Le suspense est au rendez-vous

'je n'aime pas la littérature unidimensionnelle.'
"Je n'aime pas la littérature unidimensionnelle." © L'Internaute Magazine / Marie Bruggeman

Les rebondissements se succèdent à un rythme effréné : acquisition par le Louvre d'un trésor mystérieux appelé l'Or d'Alexandre, des tableaux du musée qui se révèlent être des copies, meurtre d'une spécialiste de la Grèce antique, découverte de toiles spoliées par les nazis? N'avez-vous pas eu peur d'en faire trop et de perdre le lecteur différentes ?


Olivier Delorme : Je n'aime pas la littérature unidimensionnelle qui vous mène en ligne droite d'un point à un autre. Je n'aime pas la littérature cachexique qui met une idée par livre de cent pages en gros caractères. Une littérature de pingre ; je suis généreux à table comme au lit ou en littérature. Lorsque je lis un roman, j'aime qu'on me balade, qu'on me trompe, qu'on me conduise dans des impasses, que j'y sente le vent du large et que j'y entende la rumeur du monde. J'aime me plonger, m'immerger dans l'univers d'un auteur. Chaque livre est pour moi un voyage. J'écris les livres que j'aime lire : j'adore Eco, Durrell, Ellroy ; on s'y demande parfois où l'on en est, on y est parfois dérouté, perdu. J'aime aussi qu'on m'égare. Dans Le Comte de Monte Cristo, Dumas nous promène de la prise de Janina par les Turcs aux caches des bandits italiens.
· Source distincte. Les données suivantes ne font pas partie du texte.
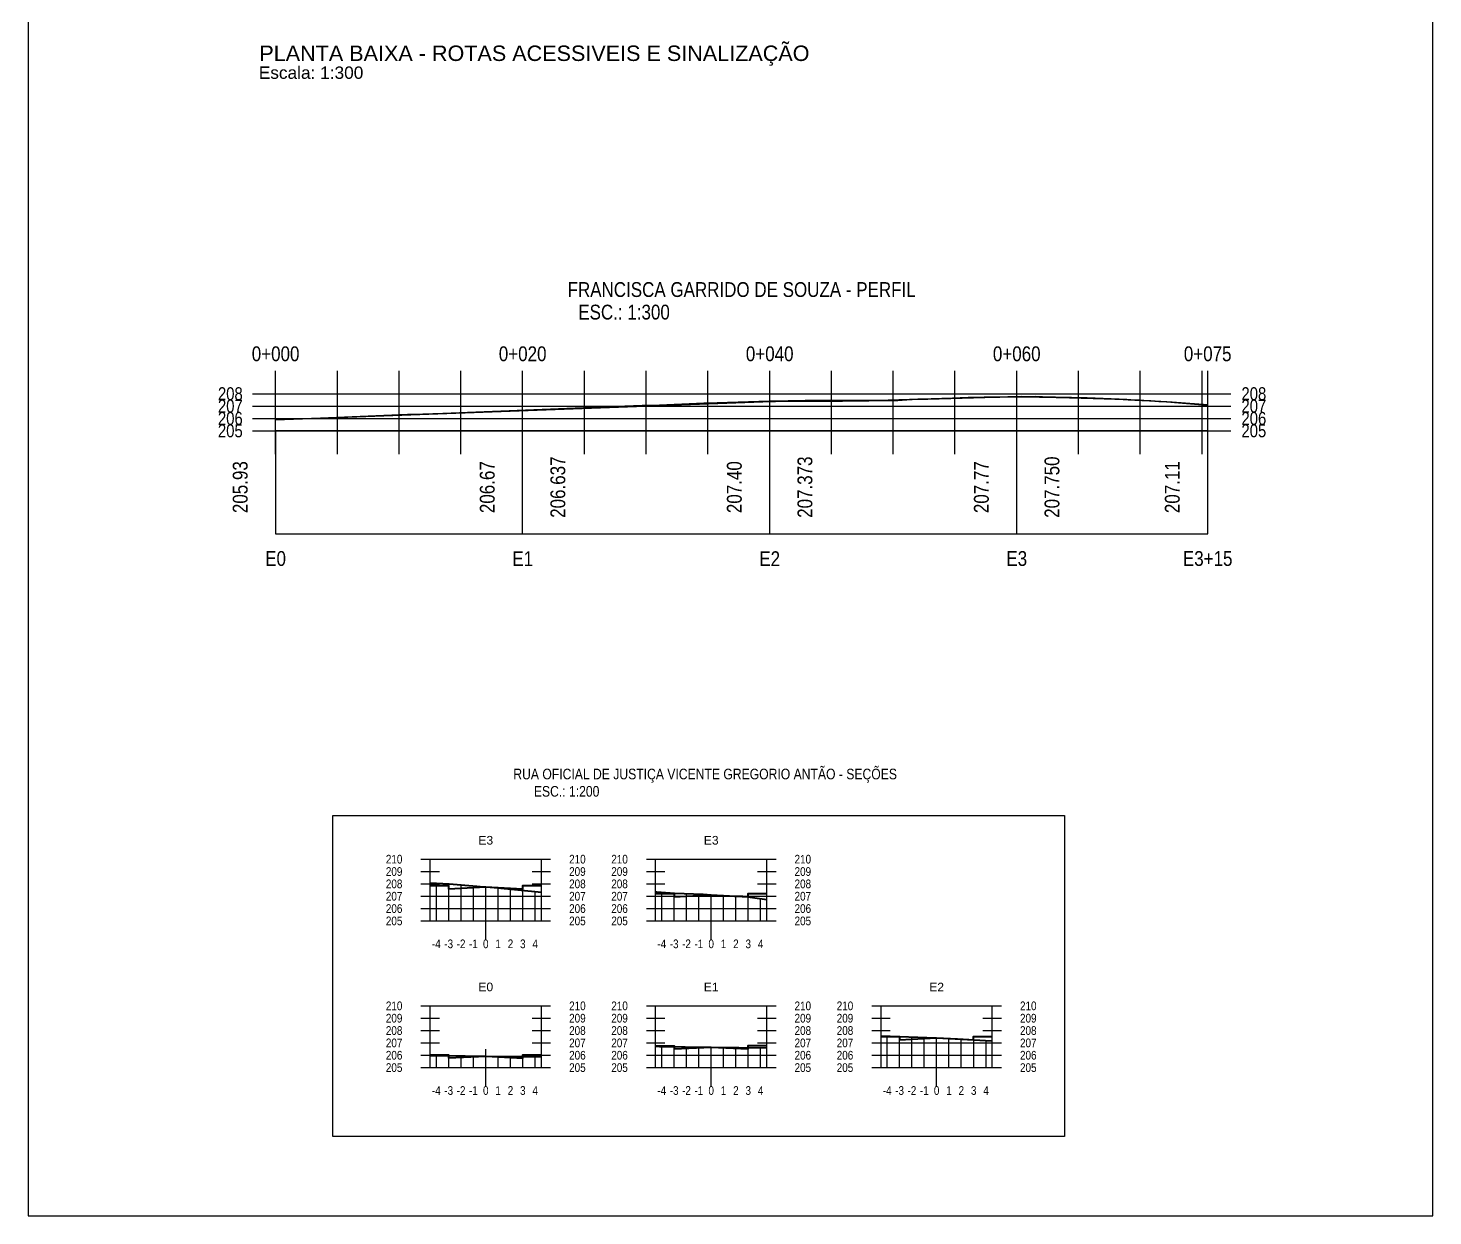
# Model space of a CAD drawing. Header units: feet. Extents: x 203667 to 205527, y 9204857 to 9205156.
# Drawn here: x 204385.3 to 204499, y 9204895.9 to 9204992.1 of the extents above; entities that cross this region are included whole.
import ezdxf

# ---------------------------------------------------------------- set-up
doc = ezdxf.new("R2010")
doc.units = ezdxf.units.FT
doc.header["$LTSCALE"] = 0.3
doc.header["$MEASUREMENT"] = 0
for name, color, linetype, lineweight in [('C-ROAD-PROF', 1, 'Continuous', 35), ('Cotas Acessibilidade', 5, 'Continuous', 25), ('Cotas Calçadas', 7, 'Continuous', 25)]:
    doc.layers.add(name, color=color, linetype=linetype, lineweight=lineweight)
for name, color, linetype in [('C-ROAD-PROF-GRID-MAJR', 8, 'Continuous'), ('C-ROAD-PROF-GRID-MINR', 8, 'Continuous'), ('C-ROAD-PROF-TEXT', 7, 'Continuous'), ('C-ROAD-PROF-TICK', 7, 'Continuous'), ('C-ROAD-PROF-TITL', 7, 'Continuous'), ('C-ROAD-PROF-TTLB', 5, 'Continuous'), ('C-ROAD-SCTN-GRID', 7, 'Continuous'), ('C-ROAD-SCTN-TEXT', 7, 'Continuous'), ('C-ROAD-SCTN-TICK', 7, 'Continuous'), ('C-ROAD-SCTN-TITL', 92, 'Continuous'), ('C1-HM-CURVA_MESTRA', 5, 'Continuous')]:
    doc.layers.add(name, color=color, linetype=linetype)
doc.styles.add('Roman', font='arial.ttf', dxfattribs={"height": 2})
doc.styles.add('TARCISIO', font='swissci.ttf')

msp = doc.modelspace()

# ---------------------------------------------------------------- linework, layer by layer
at = {"layer": 'C-ROAD-PROF', "color": 1, "linetype": 'Continuous', "lineweight": 35, "flags": 128}
msp.add_lwpolyline([(204405.33, 9204960.404), (204408.341, 9204960.472), (204416, 9204960.786), (204417.249, 9204960.824), (204418.865, 9204960.878), (204433.597, 9204961.472), (204435.019, 9204961.526), (204435.462, 9204961.531), (204435.817, 9204961.529), (204439.988, 9204961.72), (204440.231, 9204961.723), (204445.295, 9204961.876), (204446.825, 9204961.911), (204448.191, 9204961.939), (204455.695, 9204961.935), (204456.437, 9204961.975), (204457.332, 9204962.029), (204457.428, 9204962.037), (204457.55, 9204962.04), (204458.01, 9204962.045), (204458.12, 9204962.049), (204464.596, 9204962.218), (204464.915, 9204962.232), (204465.714, 9204962.245), (204466.483, 9204962.241), (204466.566, 9204962.239), (204466.879, 9204962.244), (204468.516, 9204962.175), (204468.642, 9204962.176), (204471.522, 9204962.104), (204473.28, 9204962.051), (204473.524, 9204962.041), (204474.362, 9204961.993), (204474.896, 9204961.967), (204475.103, 9204961.953), (204475.275, 9204961.946), (204475.459, 9204961.929), (204475.63, 9204961.929), (204477.922, 9204961.805), (204480.787, 9204961.585)], dxfattribs=at)
at = {"layer": 'C-ROAD-PROF', "color": 5, "linetype": 'Continuous', "lineweight": 35, "flags": 128}
msp.add_lwpolyline([(204405.331, 9204960.374), (204445.511, 9204961.852), (204445.807, 9204961.862), (204446.102, 9204961.869), (204446.397, 9204961.873), (204446.692, 9204961.875), (204451.219, 9204961.888), (204451.931, 9204961.892), (204452.643, 9204961.902), (204453.355, 9204961.917), (204454.067, 9204961.938), (204460.116, 9204962.133), (204460.759, 9204962.152), (204461.402, 9204962.17), (204462.044, 9204962.184), (204462.687, 9204962.197), (204463.33, 9204962.207), (204463.972, 9204962.214), (204464.615, 9204962.219), (204465.257, 9204962.222), (204465.9, 9204962.222), (204466.543, 9204962.22), (204467.185, 9204962.215), (204467.828, 9204962.208), (204468.471, 9204962.199), (204469.113, 9204962.187), (204469.756, 9204962.173), (204470.398, 9204962.156), (204471.041, 9204962.137), (204471.684, 9204962.116), (204472.326, 9204962.092), (204472.969, 9204962.066), (204473.612, 9204962.037), (204474.254, 9204962.006), (204474.897, 9204961.972), (204475.54, 9204961.936), (204476.182, 9204961.898), (204476.825, 9204961.857), (204477.467, 9204961.814), (204478.11, 9204961.769), (204478.753, 9204961.721), (204479.395, 9204961.67), (204480.038, 9204961.618), (204480.681, 9204961.562), (204480.784, 9204961.553)], dxfattribs=at)
at = {"layer": 'C-ROAD-PROF', "color": 5, "linetype": 'Continuous', "lineweight": 40, "ltscale": 2}
for points in [[(204417.835, 9204922.667), (204419.335, 9204922.667), (204419.335, 9204922.408), (204422.344, 9204922.557), (204425.335, 9204922.407), (204425.335, 9204922.673), (204426.835, 9204922.673)], [(204436.085, 9204922.014), (204437.585, 9204922.014), (204437.585, 9204921.754), (204440.594, 9204921.904), (204443.585, 9204921.754), (204443.585, 9204922.019), (204445.085, 9204922.019)], [(204436.085, 9204909.693), (204437.585, 9204909.693), (204437.585, 9204909.433), (204440.594, 9204909.582), (204443.585, 9204909.433), (204443.585, 9204909.698), (204445.085, 9204909.698)], [(204454.335, 9204910.431), (204455.835, 9204910.431), (204455.835, 9204910.171), (204458.844, 9204910.32), (204461.835, 9204910.171), (204461.835, 9204910.436), (204463.335, 9204910.436)], [(204417.835, 9204908.958), (204419.335, 9204908.958), (204419.335, 9204908.699), (204422.344, 9204908.848), (204425.335, 9204908.698), (204425.335, 9204908.964), (204426.835, 9204908.964)]]:
    msp.add_lwpolyline(points, dxfattribs=at)
at = {"layer": 'C-ROAD-PROF-GRID-MAJR', "color": 8, "linetype": 'Continuous', "lineweight": -3}
for p, q in [((204405.33, 9204962.472), (204480.787, 9204962.472)), ((204405.33, 9204959.472), (204405.33, 9204962.472)), ((204425.33, 9204959.472), (204425.33, 9204962.472)), ((204445.33, 9204959.472), (204445.33, 9204962.472)), ((204465.33, 9204959.472), (204465.33, 9204962.472)), ((204480.787, 9204959.472), (204480.787, 9204962.472)), ((204405.33, 9204961.472), (204480.787, 9204961.472)), ((204405.33, 9204960.472), (204480.787, 9204960.472)), ((204405.33, 9204959.472), (204480.787, 9204959.472))]:
    msp.add_line(p, q, dxfattribs=at)
at = {"layer": 'C-ROAD-PROF-GRID-MINR', "color": 8, "linetype": 'Continuous', "lineweight": -3}
for p, q in [((204410.33, 9204959.472), (204410.33, 9204962.472)), ((204415.33, 9204959.472), (204415.33, 9204962.472)), ((204420.33, 9204959.472), (204420.33, 9204962.472)), ((204430.33, 9204959.472), (204430.33, 9204962.472)), ((204435.33, 9204959.472), (204435.33, 9204962.472)), ((204440.33, 9204959.472), (204440.33, 9204962.472)), ((204450.33, 9204959.472), (204450.33, 9204962.472)), ((204455.33, 9204959.472), (204455.33, 9204962.472)), ((204460.33, 9204959.472), (204460.33, 9204962.472)), ((204470.33, 9204959.472), (204470.33, 9204962.472)), ((204475.33, 9204959.472), (204475.33, 9204962.472)), ((204480.33, 9204959.472), (204480.33, 9204962.472))]:
    msp.add_line(p, q, dxfattribs=at)
at = {"layer": 'C-ROAD-PROF-TEXT', "color": 7, "linetype": 'Continuous', "lineweight": -3}
for p, q in [((204405.33, 9204957.597), (204405.33, 9204964.347)), ((204410.33, 9204957.597), (204410.33, 9204964.347)), ((204415.33, 9204957.597), (204415.33, 9204964.347)), ((204420.33, 9204957.597), (204420.33, 9204964.347)), ((204425.33, 9204957.597), (204425.33, 9204964.347)), ((204430.33, 9204957.597), (204430.33, 9204964.347)), ((204435.33, 9204957.597), (204435.33, 9204964.347)), ((204440.33, 9204957.597), (204440.33, 9204964.347)), ((204445.33, 9204957.597), (204445.33, 9204964.347)), ((204450.33, 9204957.597), (204450.33, 9204964.347)), ((204455.33, 9204957.597), (204455.33, 9204964.347)), ((204460.33, 9204957.597), (204460.33, 9204964.347)), ((204465.33, 9204957.597), (204465.33, 9204964.347)), ((204470.33, 9204957.597), (204470.33, 9204964.347)), ((204475.33, 9204957.597), (204475.33, 9204964.347)), ((204480.33, 9204957.597), (204480.33, 9204964.347)), ((204480.787, 9204957.597), (204480.787, 9204964.347)), ((204403.455, 9204962.472), (204407.205, 9204962.472)), ((204478.912, 9204962.472), (204482.662, 9204962.472)), ((204403.455, 9204961.472), (204407.205, 9204961.472)), ((204478.912, 9204961.472), (204482.662, 9204961.472)), ((204403.455, 9204960.472), (204407.205, 9204960.472)), ((204478.912, 9204960.472), (204482.662, 9204960.472)), ((204403.455, 9204959.472), (204407.205, 9204959.472)), ((204478.912, 9204959.472), (204482.662, 9204959.472))]:
    msp.add_line(p, q, dxfattribs=at)
at = {"layer": 'C-ROAD-PROF-TICK', "color": 7, "linetype": 'Continuous', "lineweight": -3}
for p, q in [((204425.33, 9204951.147), (204425.33, 9204959.472)), ((204445.33, 9204951.147), (204445.33, 9204959.472)), ((204465.33, 9204951.147), (204465.33, 9204959.472))]:
    msp.add_line(p, q, dxfattribs=at)
at = {"layer": 'C-ROAD-PROF-TTLB', "color": 5, "linetype": 'Continuous', "lineweight": -3}
for p, q in [((204405.33, 9204959.472), (204405.33, 9204962.472)), ((204405.33, 9204962.472), (204480.787, 9204962.472)), ((204480.787, 9204959.472), (204480.787, 9204962.472)), ((204405.33, 9204959.472), (204480.787, 9204959.472)), ((204417.844, 9204919.791), (204417.844, 9204924.791)), ((204417.844, 9204924.791), (204426.844, 9204924.791)), ((204426.844, 9204919.791), (204426.844, 9204924.791)), ((204436.094, 9204919.791), (204436.094, 9204924.791)), ((204436.094, 9204924.791), (204445.094, 9204924.791)), ((204445.094, 9204919.791), (204445.094, 9204924.791)), ((204417.844, 9204919.791), (204426.844, 9204919.791)), ((204436.094, 9204919.791), (204445.094, 9204919.791)), ((204417.844, 9204907.916), (204417.844, 9204912.916)), ((204417.844, 9204912.916), (204426.844, 9204912.916)), ((204426.844, 9204907.916), (204426.844, 9204912.916)), ((204436.094, 9204907.916), (204436.094, 9204912.916)), ((204436.094, 9204912.916), (204445.094, 9204912.916)), ((204445.094, 9204907.916), (204445.094, 9204912.916)), ((204454.344, 9204907.916), (204454.344, 9204912.916)), ((204454.344, 9204912.916), (204463.344, 9204912.916)), ((204463.344, 9204907.916), (204463.344, 9204912.916)), ((204417.844, 9204907.916), (204426.844, 9204907.916)), ((204436.094, 9204907.916), (204445.094, 9204907.916)), ((204454.344, 9204907.916), (204463.344, 9204907.916))]:
    msp.add_line(p, q, dxfattribs=at)
msp.add_3dface([(204405.33, 9204951.147), (204480.787, 9204951.147), (204480.787, 9204959.472), (204405.33, 9204959.472)], dxfattribs=at)
at = {"layer": 'C-ROAD-SCTN-GRID', "color": 251, "linetype": 'Continuous', "lineweight": -3}
for p, q in [((204436.094, 9204924.791), (204445.094, 9204924.791)), ((204418.344, 9204919.791), (204418.344, 9204922.845)), ((204419.344, 9204919.791), (204419.344, 9204922.792)), ((204420.344, 9204919.791), (204420.344, 9204922.714)), ((204421.344, 9204919.791), (204421.344, 9204922.635)), ((204422.344, 9204919.791), (204422.344, 9204922.557)), ((204423.344, 9204919.791), (204423.344, 9204922.468)), ((204424.344, 9204919.791), (204424.344, 9204922.37)), ((204425.344, 9204919.791), (204425.344, 9204922.273)), ((204426.344, 9204919.791), (204426.344, 9204922.176)), ((204436.594, 9204919.791), (204436.594, 9204922.116)), ((204417.844, 9204921.791), (204426.844, 9204921.791)), ((204436.094, 9204921.791), (204445.094, 9204921.791)), ((204437.594, 9204919.791), (204437.594, 9204922.039)), ((204438.594, 9204919.791), (204438.594, 9204922.002)), ((204439.594, 9204919.791), (204439.594, 9204921.967)), ((204440.594, 9204919.791), (204440.594, 9204921.904)), ((204441.594, 9204919.791), (204441.594, 9204921.824)), ((204442.594, 9204919.791), (204442.594, 9204921.804)), ((204443.594, 9204919.791), (204443.594, 9204921.732)), ((204444.594, 9204919.791), (204444.594, 9204921.596)), ((204417.844, 9204920.791), (204426.844, 9204920.791)), ((204436.094, 9204920.791), (204445.094, 9204920.791)), ((204417.844, 9204919.791), (204426.844, 9204919.791)), ((204436.094, 9204919.791), (204445.094, 9204919.791)), ((204436.594, 9204907.916), (204436.594, 9204909.635)), ((204437.594, 9204907.916), (204437.594, 9204909.622)), ((204438.594, 9204907.916), (204438.594, 9204909.609)), ((204439.594, 9204907.916), (204439.594, 9204909.596)), ((204440.594, 9204907.916), (204440.594, 9204909.582)), ((204454.344, 9204909.916), (204463.344, 9204909.916)), ((204454.844, 9204907.916), (204454.844, 9204910.486)), ((204455.844, 9204907.916), (204455.844, 9204910.445)), ((204456.844, 9204907.916), (204456.844, 9204910.403)), ((204457.844, 9204907.916), (204457.844, 9204910.362)), ((204458.844, 9204907.916), (204458.844, 9204910.32)), ((204459.844, 9204907.916), (204459.844, 9204910.271)), ((204460.844, 9204907.916), (204460.844, 9204910.222)), ((204461.844, 9204907.916), (204461.844, 9204910.17)), ((204462.844, 9204907.916), (204462.844, 9204910.118)), ((204418.344, 9204907.916), (204418.344, 9204908.899)), ((204419.344, 9204907.916), (204419.344, 9204908.884)), ((204420.344, 9204907.916), (204420.344, 9204908.868)), ((204421.344, 9204907.916), (204421.344, 9204908.857)), ((204422.344, 9204907.916), (204422.344, 9204908.848)), ((204423.344, 9204907.916), (204423.344, 9204908.839)), ((204424.344, 9204907.916), (204424.344, 9204908.83)), ((204425.344, 9204907.916), (204425.344, 9204908.824)), ((204426.344, 9204907.916), (204426.344, 9204908.817)), ((204436.094, 9204908.916), (204445.094, 9204908.916)), ((204441.594, 9204907.916), (204441.594, 9204909.569)), ((204442.594, 9204907.916), (204442.594, 9204909.556)), ((204443.594, 9204907.916), (204443.594, 9204909.543)), ((204444.594, 9204907.916), (204444.594, 9204909.53)), ((204454.344, 9204908.916), (204463.344, 9204908.916)), ((204417.844, 9204907.916), (204426.844, 9204907.916)), ((204436.094, 9204907.916), (204445.094, 9204907.916)), ((204454.344, 9204907.916), (204463.344, 9204907.916))]:
    msp.add_line(p, q, dxfattribs=at)
at = {"layer": 'C-ROAD-SCTN-TICK', "color": 7, "linetype": 'Continuous', "lineweight": -3}
for p, q in [((204417.094, 9204924.791), (204418.594, 9204924.791)), ((204426.094, 9204924.791), (204427.594, 9204924.791)), ((204435.344, 9204924.791), (204436.844, 9204924.791)), ((204444.344, 9204924.791), (204445.844, 9204924.791)), ((204417.094, 9204923.791), (204418.594, 9204923.791)), ((204426.094, 9204923.791), (204427.594, 9204923.791)), ((204435.344, 9204923.791), (204436.844, 9204923.791)), ((204444.344, 9204923.791), (204445.844, 9204923.791)), ((204417.094, 9204922.791), (204418.594, 9204922.791)), ((204426.094, 9204922.791), (204427.594, 9204922.791)), ((204435.344, 9204922.791), (204436.844, 9204922.791)), ((204444.344, 9204922.791), (204445.844, 9204922.791)), ((204417.094, 9204921.791), (204418.594, 9204921.791)), ((204422.344, 9204918.291), (204422.344, 9204921.291)), ((204426.094, 9204921.791), (204427.594, 9204921.791)), ((204435.344, 9204921.791), (204436.844, 9204921.791)), ((204440.594, 9204918.291), (204440.594, 9204921.291)), ((204444.344, 9204921.791), (204445.844, 9204921.791)), ((204417.094, 9204920.791), (204418.594, 9204920.791)), ((204426.094, 9204920.791), (204427.594, 9204920.791)), ((204435.344, 9204920.791), (204436.844, 9204920.791)), ((204444.344, 9204920.791), (204445.844, 9204920.791)), ((204417.094, 9204919.791), (204418.594, 9204919.791)), ((204426.094, 9204919.791), (204427.594, 9204919.791)), ((204435.344, 9204919.791), (204436.844, 9204919.791)), ((204444.344, 9204919.791), (204445.844, 9204919.791)), ((204417.094, 9204912.916), (204418.594, 9204912.916)), ((204417.094, 9204911.916), (204418.594, 9204911.916)), ((204426.094, 9204912.916), (204427.594, 9204912.916)), ((204426.094, 9204911.916), (204427.594, 9204911.916)), ((204435.344, 9204912.916), (204436.844, 9204912.916)), ((204435.344, 9204911.916), (204436.844, 9204911.916)), ((204444.344, 9204912.916), (204445.844, 9204912.916)), ((204444.344, 9204911.916), (204445.844, 9204911.916)), ((204453.594, 9204912.916), (204455.094, 9204912.916)), ((204453.594, 9204911.916), (204455.094, 9204911.916)), ((204462.594, 9204912.916), (204464.094, 9204912.916)), ((204462.594, 9204911.916), (204464.094, 9204911.916)), ((204417.094, 9204910.916), (204418.594, 9204910.916)), ((204426.094, 9204910.916), (204427.594, 9204910.916)), ((204435.344, 9204910.916), (204436.844, 9204910.916)), ((204444.344, 9204910.916), (204445.844, 9204910.916)), ((204453.594, 9204910.916), (204455.094, 9204910.916)), ((204462.594, 9204910.916), (204464.094, 9204910.916)), ((204417.094, 9204909.916), (204418.594, 9204909.916)), ((204426.094, 9204909.916), (204427.594, 9204909.916)), ((204435.344, 9204909.916), (204436.844, 9204909.916)), ((204444.344, 9204909.916), (204445.844, 9204909.916)), ((204453.594, 9204909.916), (204455.094, 9204909.916)), ((204462.594, 9204909.916), (204464.094, 9204909.916)), ((204417.094, 9204908.916), (204418.594, 9204908.916)), ((204422.344, 9204906.416), (204422.344, 9204909.416)), ((204426.094, 9204908.916), (204427.594, 9204908.916)), ((204435.344, 9204908.916), (204436.844, 9204908.916)), ((204440.594, 9204906.416), (204440.594, 9204909.416)), ((204444.344, 9204908.916), (204445.844, 9204908.916)), ((204453.594, 9204908.916), (204455.094, 9204908.916)), ((204458.844, 9204906.416), (204458.844, 9204909.416)), ((204462.594, 9204908.916), (204464.094, 9204908.916)), ((204417.094, 9204907.916), (204418.594, 9204907.916)), ((204426.094, 9204907.916), (204427.594, 9204907.916)), ((204435.344, 9204907.916), (204436.844, 9204907.916)), ((204444.344, 9204907.916), (204445.844, 9204907.916)), ((204453.594, 9204907.916), (204455.094, 9204907.916)), ((204462.594, 9204907.916), (204464.094, 9204907.916))]:
    msp.add_line(p, q, dxfattribs=at)
at = {"layer": 'C1-HM-CURVA_MESTRA', "color": 1, "linetype": 'Continuous', "lineweight": 40}
for points in [[(204417.844, 9204922.871), (204419.373, 9204922.791), (204421.626, 9204922.612), (204421.878, 9204922.597), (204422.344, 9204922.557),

"Delorme nous cultive en nous passionnant."

Les critiques que des lecteurs ont laissé sur des blogs, sur leur site ou sur le mien semblent indiquer que lorsqu'on ouvre ce livre, on a un peu de mal à le lâcher. L'un d'eux emploie une métaphore ferroviaire qui m'a beaucoup plu, d'un train qui roule à toute vitesse, "s'arrête net, vous coupant le souffle, pour prendre une autre voie que vous n'aviez même pas vue. Mais à côté de cela, la vitesse du train ne vous empêche pas de vous imprégner d'un paysage baigné de rivages grecs aux statues antiques et de couloirs de musée décorés des plus beaux tableaux que l'humanité a produits. Bref, Delorme nous cultive en nous passionnant. "

C'est exactement ce que j'ai voulu faire. Le succès de la Quatrième Révélation m'a montré que le suspense était un excellent moyen pour embarquer le lecteur et le bousculer en lui racontant des choses auxquelles il ne s'attendait pas. Captiver par une intrigue à rebondissements, cela permet de parler au lecteur de tel épisode de l'histoire, de tel courant philosophique, de tel sujet politique, social ou religieux.

"Le suspense est un excellent moyen pour embarquer le lecteur et le bousculer en lui racontant des choses auxquelles il ne s'attendait pas."

Et puis, fondamentalement, contrairement à la logique qui préside à la littérature cachexique de produits formatés censés répondre aux attentes du consommateur, je fais le pari de l'intelligence et de la curiosité. Je me souviendai longtemps d'un lecteur de La Quatrième Révélation, routier de profession, venu me dire dans une rencontre lyonnaise que, sitôt après avoir lu mon roman, il était allé demander à son libraire un livre sur la mythologie grecque parce que ce que j'en racontais l'avait passionné et qu'il avait eu envie d'en savoir plus. C'est un des plus beaux compliments qu'on m'ait jamais fait.